Information given Block Start

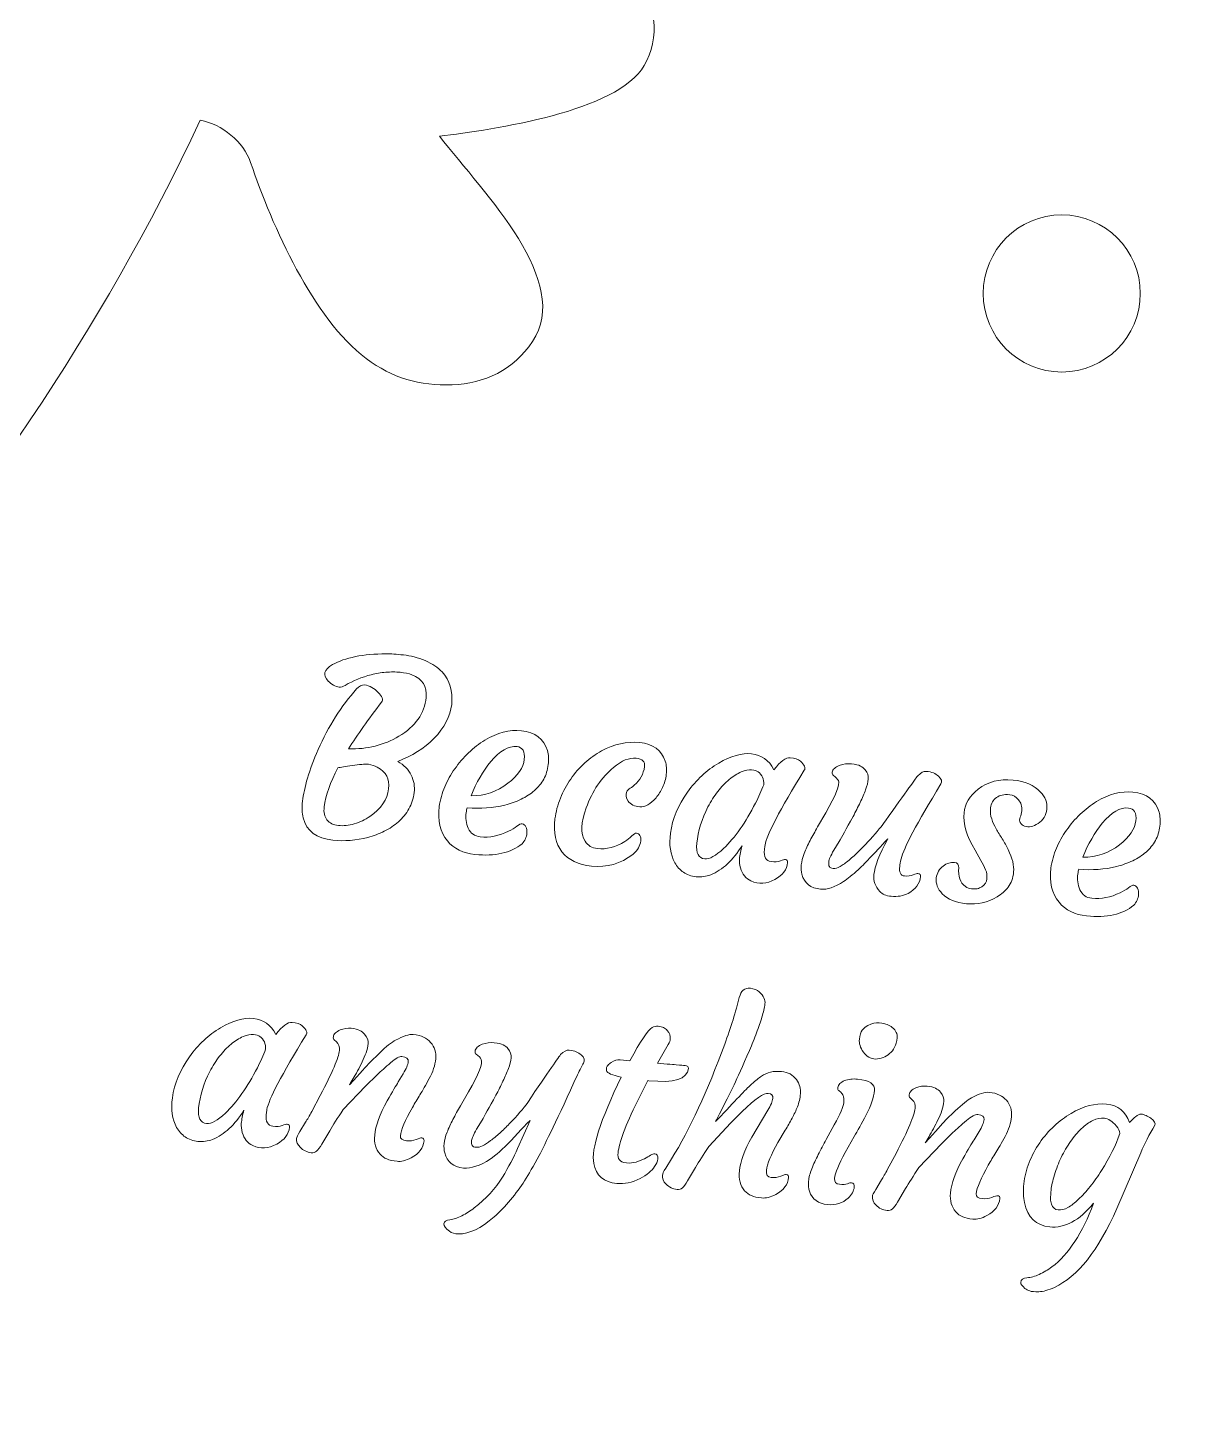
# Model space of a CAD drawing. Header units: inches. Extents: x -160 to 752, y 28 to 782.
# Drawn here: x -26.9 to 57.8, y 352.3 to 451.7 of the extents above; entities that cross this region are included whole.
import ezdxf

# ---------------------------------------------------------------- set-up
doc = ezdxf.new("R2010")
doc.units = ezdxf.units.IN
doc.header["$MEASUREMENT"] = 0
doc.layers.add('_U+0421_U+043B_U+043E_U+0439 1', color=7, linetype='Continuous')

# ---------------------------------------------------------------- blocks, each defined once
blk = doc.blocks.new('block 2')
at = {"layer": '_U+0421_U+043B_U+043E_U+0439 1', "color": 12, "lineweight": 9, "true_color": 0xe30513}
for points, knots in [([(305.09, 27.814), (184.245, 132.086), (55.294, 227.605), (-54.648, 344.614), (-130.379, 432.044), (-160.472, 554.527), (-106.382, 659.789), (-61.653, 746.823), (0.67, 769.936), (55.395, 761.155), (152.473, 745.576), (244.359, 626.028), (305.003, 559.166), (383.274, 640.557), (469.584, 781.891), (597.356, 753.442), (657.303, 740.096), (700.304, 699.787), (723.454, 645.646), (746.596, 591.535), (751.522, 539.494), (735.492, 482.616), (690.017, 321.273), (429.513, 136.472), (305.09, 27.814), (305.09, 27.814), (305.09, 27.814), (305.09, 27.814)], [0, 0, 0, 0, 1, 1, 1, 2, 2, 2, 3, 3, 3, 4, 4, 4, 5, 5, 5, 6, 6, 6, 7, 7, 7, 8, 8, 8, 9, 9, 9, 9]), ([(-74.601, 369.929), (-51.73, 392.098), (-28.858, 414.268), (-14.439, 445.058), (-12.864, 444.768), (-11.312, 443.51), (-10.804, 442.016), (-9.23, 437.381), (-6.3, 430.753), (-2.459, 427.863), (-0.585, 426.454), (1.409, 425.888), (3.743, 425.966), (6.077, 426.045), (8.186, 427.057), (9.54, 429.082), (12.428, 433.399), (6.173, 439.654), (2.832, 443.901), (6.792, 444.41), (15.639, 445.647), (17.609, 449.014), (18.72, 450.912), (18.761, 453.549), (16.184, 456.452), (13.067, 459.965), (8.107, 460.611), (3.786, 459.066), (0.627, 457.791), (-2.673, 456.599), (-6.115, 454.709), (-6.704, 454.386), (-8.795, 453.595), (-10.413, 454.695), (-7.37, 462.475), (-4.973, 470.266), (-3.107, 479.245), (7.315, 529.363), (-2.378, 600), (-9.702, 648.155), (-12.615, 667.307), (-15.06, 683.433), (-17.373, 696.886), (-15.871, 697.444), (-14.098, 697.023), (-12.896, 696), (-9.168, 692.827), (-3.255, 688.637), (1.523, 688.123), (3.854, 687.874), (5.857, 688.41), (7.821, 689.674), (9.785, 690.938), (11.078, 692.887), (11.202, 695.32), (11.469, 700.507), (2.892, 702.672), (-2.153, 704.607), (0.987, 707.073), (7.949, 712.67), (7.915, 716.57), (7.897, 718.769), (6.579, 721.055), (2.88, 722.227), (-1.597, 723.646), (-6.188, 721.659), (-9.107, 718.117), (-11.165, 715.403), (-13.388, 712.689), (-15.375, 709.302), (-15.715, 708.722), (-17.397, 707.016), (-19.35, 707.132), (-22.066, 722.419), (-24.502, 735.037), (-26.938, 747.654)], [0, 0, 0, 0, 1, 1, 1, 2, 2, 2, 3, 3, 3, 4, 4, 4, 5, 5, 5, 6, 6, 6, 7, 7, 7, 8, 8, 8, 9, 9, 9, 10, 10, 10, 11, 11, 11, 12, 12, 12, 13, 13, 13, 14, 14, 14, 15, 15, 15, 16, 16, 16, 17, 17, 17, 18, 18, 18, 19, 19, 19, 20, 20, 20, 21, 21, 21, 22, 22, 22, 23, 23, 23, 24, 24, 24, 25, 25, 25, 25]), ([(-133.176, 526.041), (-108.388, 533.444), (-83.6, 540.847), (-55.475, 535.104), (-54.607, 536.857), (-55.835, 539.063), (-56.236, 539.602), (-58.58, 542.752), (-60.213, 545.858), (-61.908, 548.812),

Information given Block End

> _Task brief_
Return only the lines running from the start of the entries above to the line that contains "doc.units = ezdxf.units.IN", inclusive, and omit every picture.

> _Output_
# Model space of a CAD drawing. Header units: inches. Extents: x -160 to 752, y 28 to 782.
# Drawn here: x -26.9 to 57.8, y 352.3 to 451.7 of the extents above; entities that cross this region are included whole.
import ezdxf

# ---------------------------------------------------------------- set-up
doc = ezdxf.new("R2010")
doc.units = ezdxf.units.IN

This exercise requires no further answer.